Records from a data source:
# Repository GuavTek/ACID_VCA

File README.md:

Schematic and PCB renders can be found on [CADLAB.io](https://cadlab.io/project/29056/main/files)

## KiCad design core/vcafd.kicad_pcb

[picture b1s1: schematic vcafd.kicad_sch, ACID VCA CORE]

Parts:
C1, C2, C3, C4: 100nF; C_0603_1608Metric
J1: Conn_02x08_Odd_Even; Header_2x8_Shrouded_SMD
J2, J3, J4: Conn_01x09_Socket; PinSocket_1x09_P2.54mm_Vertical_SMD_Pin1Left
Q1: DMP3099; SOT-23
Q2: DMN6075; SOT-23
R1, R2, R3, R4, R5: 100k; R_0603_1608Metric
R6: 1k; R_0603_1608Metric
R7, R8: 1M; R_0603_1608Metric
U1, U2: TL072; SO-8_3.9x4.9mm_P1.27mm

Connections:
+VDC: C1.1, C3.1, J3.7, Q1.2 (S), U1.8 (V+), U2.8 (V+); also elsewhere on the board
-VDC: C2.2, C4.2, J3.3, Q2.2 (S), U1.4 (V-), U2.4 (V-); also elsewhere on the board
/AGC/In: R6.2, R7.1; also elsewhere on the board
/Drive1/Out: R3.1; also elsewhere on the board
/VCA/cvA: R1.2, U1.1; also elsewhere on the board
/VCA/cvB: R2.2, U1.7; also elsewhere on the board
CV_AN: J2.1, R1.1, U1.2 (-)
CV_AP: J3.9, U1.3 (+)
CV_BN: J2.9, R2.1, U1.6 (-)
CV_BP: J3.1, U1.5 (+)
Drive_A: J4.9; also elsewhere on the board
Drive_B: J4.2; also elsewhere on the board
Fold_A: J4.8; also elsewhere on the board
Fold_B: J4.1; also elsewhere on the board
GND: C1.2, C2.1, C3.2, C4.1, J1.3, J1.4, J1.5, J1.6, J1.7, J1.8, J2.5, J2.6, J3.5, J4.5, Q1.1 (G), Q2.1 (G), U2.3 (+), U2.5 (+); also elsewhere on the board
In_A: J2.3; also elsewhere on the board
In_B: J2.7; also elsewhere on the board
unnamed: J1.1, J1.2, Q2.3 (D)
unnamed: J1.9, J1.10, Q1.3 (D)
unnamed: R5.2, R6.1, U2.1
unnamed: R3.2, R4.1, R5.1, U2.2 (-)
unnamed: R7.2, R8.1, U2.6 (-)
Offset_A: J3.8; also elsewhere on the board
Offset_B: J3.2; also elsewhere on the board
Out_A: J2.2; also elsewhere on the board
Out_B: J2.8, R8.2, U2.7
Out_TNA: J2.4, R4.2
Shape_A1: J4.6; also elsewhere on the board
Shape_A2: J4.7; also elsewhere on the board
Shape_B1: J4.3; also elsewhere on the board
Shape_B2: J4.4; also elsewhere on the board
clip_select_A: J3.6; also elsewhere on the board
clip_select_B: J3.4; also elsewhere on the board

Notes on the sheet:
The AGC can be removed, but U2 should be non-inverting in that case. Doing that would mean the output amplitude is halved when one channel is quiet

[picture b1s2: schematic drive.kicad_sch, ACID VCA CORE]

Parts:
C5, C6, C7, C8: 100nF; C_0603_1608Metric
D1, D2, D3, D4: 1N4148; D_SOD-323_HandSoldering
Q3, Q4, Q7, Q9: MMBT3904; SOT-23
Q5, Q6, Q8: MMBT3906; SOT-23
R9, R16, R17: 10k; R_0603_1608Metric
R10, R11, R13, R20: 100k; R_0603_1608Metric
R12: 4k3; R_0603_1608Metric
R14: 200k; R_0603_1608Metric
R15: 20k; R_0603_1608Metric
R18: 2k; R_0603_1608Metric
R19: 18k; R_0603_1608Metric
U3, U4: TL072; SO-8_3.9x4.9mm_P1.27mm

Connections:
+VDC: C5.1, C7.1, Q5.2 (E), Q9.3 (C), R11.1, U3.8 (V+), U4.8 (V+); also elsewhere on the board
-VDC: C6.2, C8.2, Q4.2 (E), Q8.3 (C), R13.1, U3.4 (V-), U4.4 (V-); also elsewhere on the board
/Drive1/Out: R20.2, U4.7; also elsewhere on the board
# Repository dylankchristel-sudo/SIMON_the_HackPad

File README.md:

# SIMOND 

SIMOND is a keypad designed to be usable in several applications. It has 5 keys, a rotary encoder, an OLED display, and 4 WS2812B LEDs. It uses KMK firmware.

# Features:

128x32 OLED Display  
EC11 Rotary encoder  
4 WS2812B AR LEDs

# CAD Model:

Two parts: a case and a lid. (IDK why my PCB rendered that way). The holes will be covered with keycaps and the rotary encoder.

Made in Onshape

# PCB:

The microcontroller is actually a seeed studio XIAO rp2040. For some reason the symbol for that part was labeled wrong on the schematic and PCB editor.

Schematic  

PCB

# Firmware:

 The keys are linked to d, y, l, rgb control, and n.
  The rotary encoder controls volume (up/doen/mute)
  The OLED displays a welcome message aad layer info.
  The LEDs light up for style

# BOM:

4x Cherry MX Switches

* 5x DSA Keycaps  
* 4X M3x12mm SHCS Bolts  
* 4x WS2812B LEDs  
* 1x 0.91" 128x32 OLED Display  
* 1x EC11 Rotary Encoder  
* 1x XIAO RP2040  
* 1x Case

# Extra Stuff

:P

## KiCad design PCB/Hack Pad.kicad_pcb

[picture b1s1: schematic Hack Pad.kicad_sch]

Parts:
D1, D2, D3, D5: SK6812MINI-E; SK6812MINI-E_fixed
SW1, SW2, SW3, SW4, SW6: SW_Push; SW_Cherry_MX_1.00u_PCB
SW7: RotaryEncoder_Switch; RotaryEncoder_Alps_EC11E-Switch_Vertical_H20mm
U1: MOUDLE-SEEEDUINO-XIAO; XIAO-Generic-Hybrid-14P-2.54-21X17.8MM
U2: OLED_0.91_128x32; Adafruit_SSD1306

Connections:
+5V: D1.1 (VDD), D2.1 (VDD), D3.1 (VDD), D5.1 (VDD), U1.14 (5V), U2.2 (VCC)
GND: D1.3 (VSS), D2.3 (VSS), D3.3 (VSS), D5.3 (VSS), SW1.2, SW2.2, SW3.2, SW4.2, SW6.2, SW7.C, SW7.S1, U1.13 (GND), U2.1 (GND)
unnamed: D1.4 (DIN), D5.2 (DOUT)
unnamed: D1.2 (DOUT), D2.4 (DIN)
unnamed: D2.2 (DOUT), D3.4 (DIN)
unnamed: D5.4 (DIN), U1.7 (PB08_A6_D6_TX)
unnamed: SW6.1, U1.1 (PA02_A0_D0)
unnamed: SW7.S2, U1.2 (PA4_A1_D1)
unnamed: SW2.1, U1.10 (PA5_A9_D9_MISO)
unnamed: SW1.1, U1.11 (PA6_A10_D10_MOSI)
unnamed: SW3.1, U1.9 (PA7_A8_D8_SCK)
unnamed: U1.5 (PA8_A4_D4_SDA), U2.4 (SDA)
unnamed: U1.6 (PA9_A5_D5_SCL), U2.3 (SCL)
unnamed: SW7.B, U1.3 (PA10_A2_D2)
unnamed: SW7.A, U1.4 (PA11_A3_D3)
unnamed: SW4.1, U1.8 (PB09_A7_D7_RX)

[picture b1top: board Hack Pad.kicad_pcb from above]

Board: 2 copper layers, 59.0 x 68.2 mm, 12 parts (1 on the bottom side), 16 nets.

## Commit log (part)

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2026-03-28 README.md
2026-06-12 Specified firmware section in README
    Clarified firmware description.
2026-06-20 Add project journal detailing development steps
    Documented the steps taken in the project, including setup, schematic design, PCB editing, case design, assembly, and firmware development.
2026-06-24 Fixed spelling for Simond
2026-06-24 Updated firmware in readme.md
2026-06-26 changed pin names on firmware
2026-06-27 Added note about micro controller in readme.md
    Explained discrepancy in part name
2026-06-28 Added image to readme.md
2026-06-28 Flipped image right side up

### YOUR TASK
Nothing should appear in the answer except the lines above from the line with "unnamed: SW6.1, U1.1 (PA02_A0_D0)" through the line with "[picture b1top: board", both included, written out exactly.

### REPLY
unnamed: SW6.1, U1.1 (PA02_A0_D0)
unnamed: SW7.S2, U1.2 (PA4_A1_D1)
unnamed: SW2.1, U1.10 (PA5_A9_D9_MISO)
unnamed: SW1.1, U1.11 (PA6_A10_D10_MOSI)
unnamed: SW3.1, U1.9 (PA7_A8_D8_SCK)
unnamed: U1.5 (PA8_A4_D4_SDA), U2.4 (SDA)
unnamed: U1.6 (PA9_A5_D5_SCL), U2.3 (SCL)
unnamed: SW7.B, U1.3 (PA10_A2_D2)
unnamed: SW7.A, U1.4 (PA11_A3_D3)
unnamed: SW4.1, U1.8 (PB09_A7_D7_RX)

[picture b1top: board Hack Pad.kicad_pcb from above]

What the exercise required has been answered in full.